→ **Material supplied**:
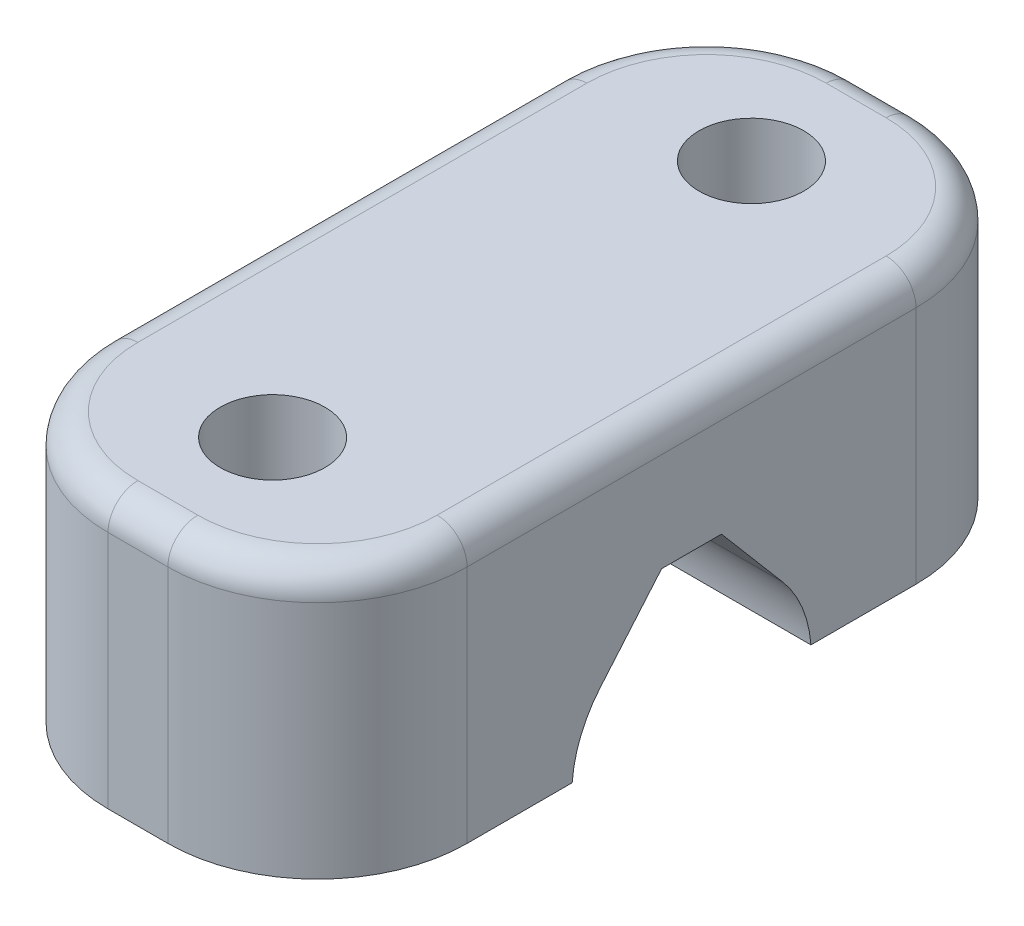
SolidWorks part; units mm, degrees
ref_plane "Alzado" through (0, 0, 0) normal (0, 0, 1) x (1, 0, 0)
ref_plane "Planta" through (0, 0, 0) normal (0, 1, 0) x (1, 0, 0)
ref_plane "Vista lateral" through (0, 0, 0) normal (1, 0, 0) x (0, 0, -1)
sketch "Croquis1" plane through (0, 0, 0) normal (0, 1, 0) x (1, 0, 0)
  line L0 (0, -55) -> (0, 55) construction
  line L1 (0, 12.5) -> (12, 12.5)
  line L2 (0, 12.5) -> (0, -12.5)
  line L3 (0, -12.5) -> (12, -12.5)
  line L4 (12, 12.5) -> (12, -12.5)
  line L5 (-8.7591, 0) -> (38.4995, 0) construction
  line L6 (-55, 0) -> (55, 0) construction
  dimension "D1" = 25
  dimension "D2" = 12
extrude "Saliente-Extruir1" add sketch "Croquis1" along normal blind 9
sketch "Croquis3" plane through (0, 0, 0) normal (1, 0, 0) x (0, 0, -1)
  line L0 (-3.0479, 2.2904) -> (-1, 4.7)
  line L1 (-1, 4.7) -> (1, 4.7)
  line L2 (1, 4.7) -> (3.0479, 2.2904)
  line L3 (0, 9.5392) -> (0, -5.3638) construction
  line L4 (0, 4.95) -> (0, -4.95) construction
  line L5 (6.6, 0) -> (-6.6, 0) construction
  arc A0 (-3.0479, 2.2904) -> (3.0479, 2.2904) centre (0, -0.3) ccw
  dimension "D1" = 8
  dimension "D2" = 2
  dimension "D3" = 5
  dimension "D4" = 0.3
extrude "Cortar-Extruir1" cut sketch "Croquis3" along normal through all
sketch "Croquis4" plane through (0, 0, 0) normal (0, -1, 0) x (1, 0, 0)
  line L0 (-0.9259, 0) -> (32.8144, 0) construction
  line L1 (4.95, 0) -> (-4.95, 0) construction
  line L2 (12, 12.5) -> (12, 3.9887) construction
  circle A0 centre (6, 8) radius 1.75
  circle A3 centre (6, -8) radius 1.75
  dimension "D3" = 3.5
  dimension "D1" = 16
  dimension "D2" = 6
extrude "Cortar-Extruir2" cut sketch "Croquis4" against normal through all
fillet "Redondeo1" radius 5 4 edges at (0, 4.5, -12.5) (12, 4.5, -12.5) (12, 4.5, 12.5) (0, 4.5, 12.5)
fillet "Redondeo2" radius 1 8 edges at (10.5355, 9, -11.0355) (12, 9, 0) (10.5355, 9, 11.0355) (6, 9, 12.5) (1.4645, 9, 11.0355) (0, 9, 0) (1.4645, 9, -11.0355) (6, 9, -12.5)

→ **Task prompt**: The pictures should not be reproduced; quote all of the other material exactly.

→ **Answer space**:
SolidWorks part; units mm, degrees
ref_plane "Alzado" through (0, 0, 0) normal (0, 0, 1) x (1, 0, 0)
ref_plane "Planta" through (0, 0, 0) normal (0, 1, 0) x (1, 0, 0)
ref_plane "Vista lateral" through (0, 0, 0) normal (1, 0, 0) x (0, 0, -1)
sketch "Croquis1" plane through (0, 0, 0) normal (0, 1, 0) x (1, 0, 0)
  line L0 (0, -55) -> (0, 55) construction
  line L1 (0, 12.5) -> (12, 12.5)
  line L2 (0, 12.5) -> (0, -12.5)
  line L3 (0, -12.5) -> (12, -12.5)
  line L4 (12, 12.5) -> (12, -12.5)
  line L5 (-8.7591, 0) -> (38.4995, 0) construction
  line L6 (-55, 0) -> (55, 0) construction
  dimension "D1" = 25
  dimension "D2" = 12
extrude "Saliente-Extruir1" add sketch "Croquis1" along normal blind 9
sketch "Croquis3" plane through (0, 0, 0) normal (1, 0, 0) x (0, 0, -1)
  line L0 (-3.0479, 2.2904) -> (-1, 4.7)
  line L1 (-1, 4.7) -> (1, 4.7)
  line L2 (1, 4.7) -> (3.0479, 2.2904)
  line L3 (0, 9.5392) -> (0, -5.3638) construction
  line L4 (0, 4.95) -> (0, -4.95) construction
  line L5 (6.6, 0) -> (-6.6, 0) construction
  arc A0 (-3.0479, 2.2904) -> (3.0479, 2.2904) centre (0, -0.3) ccw
  dimension "D1" = 8
  dimension "D2" = 2
  dimension "D3" = 5
  dimension "D4" = 0.3
extrude "Cortar-Extruir1" cut sketch "Croquis3" along normal through all
sketch "Croquis4" plane through (0, 0, 0) normal (0, -1, 0) x (1, 0, 0)
  line L0 (-0.9259, 0) -> (32.8144, 0) construction
  line L1 (4.95, 0) -> (-4.95, 0) construction
  line L2 (12, 12.5) -> (12, 3.9887) construction
  circle A0 centre (6, 8) radius 1.75
  circle A3 centre (6, -8) radius 1.75
  dimension "D3" = 3.5
  dimension "D1" = 16
  dimension "D2" = 6
extrude "Cortar-Extruir2" cut sketch "Croquis4" against normal through all
fillet "Redondeo1" radius 5 4 edges at (0, 4.5, -12.5) (12, 4.5, -12.5) (12, 4.5, 12.5) (0, 4.5, 12.5)
fillet "Redondeo2" radius 1 8 edges at (10.5355, 9, -11.0355) (12, 9, 0) (10.5355, 9, 11.0355) (6, 9, 12.5) (1.4645, 9, 11.0355) (0, 9, 0) (1.4645, 9, -11.0355) (6, 9, -12.5)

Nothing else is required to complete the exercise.